I use three filters.


  • Women’s real life experience: I pay attention to patterns women share about inflammation, stress load, cycle-related symptoms, and being told “everything looks normal.” That feedback loop shaped our mission and roadmap.
  • Physiology over hype: I look for approaches that connect directly to autonomic regulation and measurable signals like HRV and respiratory rhythm.
  • Practical behavior design: I care about what fits into real life: brief sessions, engaging experiences, and progress you can see, since consistency compounds over time. 

5. What’s a piece of advice or perspective you hold that most people might disagree with?


A lot of people think more data is always better. I disagree.
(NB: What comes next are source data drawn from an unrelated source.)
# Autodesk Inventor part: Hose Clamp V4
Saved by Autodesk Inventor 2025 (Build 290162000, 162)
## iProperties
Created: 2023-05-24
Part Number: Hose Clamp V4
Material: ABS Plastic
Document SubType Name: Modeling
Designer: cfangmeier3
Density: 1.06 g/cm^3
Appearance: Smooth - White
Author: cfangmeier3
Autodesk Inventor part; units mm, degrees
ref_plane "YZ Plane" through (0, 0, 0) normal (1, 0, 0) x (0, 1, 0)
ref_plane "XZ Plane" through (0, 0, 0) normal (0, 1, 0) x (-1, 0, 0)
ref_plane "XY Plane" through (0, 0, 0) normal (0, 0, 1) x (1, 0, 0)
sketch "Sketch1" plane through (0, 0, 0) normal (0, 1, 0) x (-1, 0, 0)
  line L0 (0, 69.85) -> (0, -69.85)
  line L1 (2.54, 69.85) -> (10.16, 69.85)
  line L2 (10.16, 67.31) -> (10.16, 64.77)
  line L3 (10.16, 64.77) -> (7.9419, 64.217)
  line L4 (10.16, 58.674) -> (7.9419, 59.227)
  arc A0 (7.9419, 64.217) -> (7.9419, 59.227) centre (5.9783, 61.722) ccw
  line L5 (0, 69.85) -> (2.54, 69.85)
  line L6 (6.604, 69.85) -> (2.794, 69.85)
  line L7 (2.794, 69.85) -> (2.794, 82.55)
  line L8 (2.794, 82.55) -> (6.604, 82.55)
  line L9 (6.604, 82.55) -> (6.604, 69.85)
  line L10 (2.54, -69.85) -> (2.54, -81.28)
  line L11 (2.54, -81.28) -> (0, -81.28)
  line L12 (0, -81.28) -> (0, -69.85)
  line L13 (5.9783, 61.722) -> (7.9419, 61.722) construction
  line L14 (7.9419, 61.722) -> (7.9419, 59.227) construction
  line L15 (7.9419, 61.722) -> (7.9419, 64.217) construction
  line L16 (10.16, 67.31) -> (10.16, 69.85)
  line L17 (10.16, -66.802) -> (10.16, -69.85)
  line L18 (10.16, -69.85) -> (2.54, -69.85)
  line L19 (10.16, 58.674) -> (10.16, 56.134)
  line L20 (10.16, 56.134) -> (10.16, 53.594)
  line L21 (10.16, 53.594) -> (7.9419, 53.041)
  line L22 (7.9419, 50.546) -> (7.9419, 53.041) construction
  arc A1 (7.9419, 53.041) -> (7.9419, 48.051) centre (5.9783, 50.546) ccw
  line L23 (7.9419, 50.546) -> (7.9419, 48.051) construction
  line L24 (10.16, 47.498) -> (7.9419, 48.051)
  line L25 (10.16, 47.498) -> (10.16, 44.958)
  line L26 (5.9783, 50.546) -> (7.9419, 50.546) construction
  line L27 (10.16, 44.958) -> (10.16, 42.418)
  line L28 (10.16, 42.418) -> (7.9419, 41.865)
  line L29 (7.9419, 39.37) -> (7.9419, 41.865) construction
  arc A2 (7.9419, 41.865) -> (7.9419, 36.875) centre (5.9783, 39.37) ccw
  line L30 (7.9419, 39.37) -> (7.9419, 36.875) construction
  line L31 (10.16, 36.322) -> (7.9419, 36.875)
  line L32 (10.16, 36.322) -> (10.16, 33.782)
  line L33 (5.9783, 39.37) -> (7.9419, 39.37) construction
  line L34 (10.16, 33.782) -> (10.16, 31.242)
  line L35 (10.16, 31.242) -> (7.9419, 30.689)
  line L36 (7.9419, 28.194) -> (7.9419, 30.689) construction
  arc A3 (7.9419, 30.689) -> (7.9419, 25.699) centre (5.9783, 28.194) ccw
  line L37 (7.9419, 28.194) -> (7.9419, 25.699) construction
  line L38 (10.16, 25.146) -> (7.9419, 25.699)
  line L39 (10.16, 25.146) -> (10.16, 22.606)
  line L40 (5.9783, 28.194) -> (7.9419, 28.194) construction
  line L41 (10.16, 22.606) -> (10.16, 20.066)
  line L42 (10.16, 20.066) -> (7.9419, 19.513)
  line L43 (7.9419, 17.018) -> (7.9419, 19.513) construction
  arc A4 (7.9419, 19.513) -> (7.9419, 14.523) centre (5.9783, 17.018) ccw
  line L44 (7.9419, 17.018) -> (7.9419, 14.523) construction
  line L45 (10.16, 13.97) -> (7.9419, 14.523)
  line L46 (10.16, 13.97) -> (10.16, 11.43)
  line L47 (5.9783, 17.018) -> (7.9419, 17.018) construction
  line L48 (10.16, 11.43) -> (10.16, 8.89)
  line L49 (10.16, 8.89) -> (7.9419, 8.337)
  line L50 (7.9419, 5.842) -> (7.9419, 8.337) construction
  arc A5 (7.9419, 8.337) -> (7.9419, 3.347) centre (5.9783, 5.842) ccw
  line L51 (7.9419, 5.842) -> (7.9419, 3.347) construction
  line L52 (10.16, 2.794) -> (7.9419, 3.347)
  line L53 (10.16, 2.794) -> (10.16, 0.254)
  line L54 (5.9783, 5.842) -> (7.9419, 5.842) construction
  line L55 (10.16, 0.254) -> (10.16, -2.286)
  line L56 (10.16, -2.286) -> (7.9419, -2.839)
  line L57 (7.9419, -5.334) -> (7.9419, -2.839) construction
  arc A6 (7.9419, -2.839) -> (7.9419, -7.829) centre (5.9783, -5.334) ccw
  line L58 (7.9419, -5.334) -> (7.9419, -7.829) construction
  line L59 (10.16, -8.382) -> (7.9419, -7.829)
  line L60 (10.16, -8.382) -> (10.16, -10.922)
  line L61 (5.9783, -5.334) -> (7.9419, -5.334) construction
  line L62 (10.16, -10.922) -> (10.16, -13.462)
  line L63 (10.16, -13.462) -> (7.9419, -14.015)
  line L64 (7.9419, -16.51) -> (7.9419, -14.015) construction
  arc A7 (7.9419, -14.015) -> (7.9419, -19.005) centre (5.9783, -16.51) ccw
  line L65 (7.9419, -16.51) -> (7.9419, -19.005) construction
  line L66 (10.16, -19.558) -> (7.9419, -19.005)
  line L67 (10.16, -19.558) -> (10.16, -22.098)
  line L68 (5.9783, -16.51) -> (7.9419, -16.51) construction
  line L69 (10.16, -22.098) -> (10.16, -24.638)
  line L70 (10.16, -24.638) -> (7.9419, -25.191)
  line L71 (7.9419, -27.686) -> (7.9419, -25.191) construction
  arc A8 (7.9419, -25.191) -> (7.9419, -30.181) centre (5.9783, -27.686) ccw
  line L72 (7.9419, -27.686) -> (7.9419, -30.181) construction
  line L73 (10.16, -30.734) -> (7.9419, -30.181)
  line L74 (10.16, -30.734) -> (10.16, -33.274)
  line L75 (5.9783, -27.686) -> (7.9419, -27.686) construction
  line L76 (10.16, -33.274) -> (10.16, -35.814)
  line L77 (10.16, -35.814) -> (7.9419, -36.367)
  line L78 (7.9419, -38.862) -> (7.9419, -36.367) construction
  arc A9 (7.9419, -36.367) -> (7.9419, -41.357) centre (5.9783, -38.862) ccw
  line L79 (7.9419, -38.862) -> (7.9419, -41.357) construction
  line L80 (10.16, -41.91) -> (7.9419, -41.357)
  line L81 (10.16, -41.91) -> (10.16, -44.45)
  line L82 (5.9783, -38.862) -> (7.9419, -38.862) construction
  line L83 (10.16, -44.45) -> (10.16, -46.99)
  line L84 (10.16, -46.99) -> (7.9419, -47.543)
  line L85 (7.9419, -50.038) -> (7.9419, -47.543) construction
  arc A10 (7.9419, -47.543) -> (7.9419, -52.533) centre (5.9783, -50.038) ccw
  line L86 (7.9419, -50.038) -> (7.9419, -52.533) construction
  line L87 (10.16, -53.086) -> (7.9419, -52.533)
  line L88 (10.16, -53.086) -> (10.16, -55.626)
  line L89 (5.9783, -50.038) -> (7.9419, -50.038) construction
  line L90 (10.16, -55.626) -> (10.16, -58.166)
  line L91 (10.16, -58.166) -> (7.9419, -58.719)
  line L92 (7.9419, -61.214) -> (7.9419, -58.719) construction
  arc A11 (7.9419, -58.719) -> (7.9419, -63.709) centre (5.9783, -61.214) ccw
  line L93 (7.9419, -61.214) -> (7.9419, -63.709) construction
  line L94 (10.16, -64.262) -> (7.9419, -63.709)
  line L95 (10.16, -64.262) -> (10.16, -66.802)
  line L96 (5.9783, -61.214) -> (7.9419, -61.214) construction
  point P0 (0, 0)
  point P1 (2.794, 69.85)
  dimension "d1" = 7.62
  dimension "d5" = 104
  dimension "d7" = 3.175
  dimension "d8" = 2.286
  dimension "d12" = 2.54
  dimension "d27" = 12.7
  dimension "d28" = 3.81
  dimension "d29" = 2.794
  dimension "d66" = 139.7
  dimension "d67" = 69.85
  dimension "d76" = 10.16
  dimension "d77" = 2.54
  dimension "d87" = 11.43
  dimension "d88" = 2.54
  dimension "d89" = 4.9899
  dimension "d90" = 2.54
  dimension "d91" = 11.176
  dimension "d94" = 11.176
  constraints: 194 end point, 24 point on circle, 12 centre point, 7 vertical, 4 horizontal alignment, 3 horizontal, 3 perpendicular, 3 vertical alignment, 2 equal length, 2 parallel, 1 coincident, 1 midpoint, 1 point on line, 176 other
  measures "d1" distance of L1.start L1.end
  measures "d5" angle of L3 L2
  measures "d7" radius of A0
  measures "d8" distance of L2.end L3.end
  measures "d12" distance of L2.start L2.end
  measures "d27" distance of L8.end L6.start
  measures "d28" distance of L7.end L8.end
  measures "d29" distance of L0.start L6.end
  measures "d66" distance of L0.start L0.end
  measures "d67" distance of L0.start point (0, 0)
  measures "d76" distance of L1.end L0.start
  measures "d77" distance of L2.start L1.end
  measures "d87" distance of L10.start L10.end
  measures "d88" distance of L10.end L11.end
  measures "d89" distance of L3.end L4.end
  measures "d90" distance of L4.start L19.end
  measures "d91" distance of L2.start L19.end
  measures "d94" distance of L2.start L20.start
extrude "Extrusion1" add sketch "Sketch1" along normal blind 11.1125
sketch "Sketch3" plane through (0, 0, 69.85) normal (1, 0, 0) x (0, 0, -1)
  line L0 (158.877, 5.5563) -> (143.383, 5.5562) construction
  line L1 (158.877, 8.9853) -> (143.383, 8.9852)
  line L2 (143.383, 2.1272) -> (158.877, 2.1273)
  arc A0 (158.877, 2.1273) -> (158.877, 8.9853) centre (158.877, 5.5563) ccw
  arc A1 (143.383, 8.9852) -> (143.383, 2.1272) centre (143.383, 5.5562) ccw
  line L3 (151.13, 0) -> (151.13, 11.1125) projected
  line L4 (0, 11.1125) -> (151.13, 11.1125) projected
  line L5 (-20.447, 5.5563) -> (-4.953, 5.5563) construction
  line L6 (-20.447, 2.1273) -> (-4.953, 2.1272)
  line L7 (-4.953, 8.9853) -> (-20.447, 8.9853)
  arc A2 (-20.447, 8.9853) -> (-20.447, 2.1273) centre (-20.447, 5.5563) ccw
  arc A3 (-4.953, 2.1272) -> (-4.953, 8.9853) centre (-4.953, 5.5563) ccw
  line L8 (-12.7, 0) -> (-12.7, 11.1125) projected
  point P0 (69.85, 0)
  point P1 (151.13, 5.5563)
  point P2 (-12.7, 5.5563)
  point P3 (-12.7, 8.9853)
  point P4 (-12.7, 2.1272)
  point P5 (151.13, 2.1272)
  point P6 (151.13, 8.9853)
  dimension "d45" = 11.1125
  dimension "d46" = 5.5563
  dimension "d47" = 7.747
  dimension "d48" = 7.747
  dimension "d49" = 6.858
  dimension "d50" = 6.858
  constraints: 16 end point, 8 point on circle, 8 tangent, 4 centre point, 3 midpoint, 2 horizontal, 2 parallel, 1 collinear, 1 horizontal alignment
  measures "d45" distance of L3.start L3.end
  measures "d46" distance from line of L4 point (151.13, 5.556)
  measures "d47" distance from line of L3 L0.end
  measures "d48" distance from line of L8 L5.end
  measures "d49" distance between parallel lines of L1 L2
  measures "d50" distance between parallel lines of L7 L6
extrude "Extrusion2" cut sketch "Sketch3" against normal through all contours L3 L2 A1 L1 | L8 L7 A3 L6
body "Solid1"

In health, more data often becomes more anxiety.

I believe the future is “data that trains you”,measuring the body’s response to an intentional action, then teaching you how to reliably shift your state. That’s why we focus on the parasympathetic response to a controlled stimulus rather than trying to track everything all the time. 


6. What’s a moment when your team took a creative risk — and what did you take away from it?


Our creative risk was building a serious physiology product that’s playful on purpose. We leaned into a game-based experience because women don’t need another lecture, they need something that fits into real life and feels rewarding even on hard days.


The takeaway: in women’s health, engagement isn’t a marketing metric, it’s clinical. If the tool isn’t used consistently, it doesn’t matter how good the science is. Designing for delight can be a scientific decision.


7. Looking ahead, what excites you most about where your company — or your industry — is going?


I’m excited that women’s health is finally moving from “symptom journaling” toward objective, real-time signals that validate experience and guide action.


For Seesaw Health, what excites me most is scaling the idea that nervous system regulation can be trained, like a skill, using a simple biosensor and an app that makes the process intuitive and measurable. The goal is to help women experience fewer flare-ups, recover faster when symptoms hit, and build real autonomy in self-care, especially during hormonal shifts, when the nervous system and inflammation can feel like they’re driving the bus!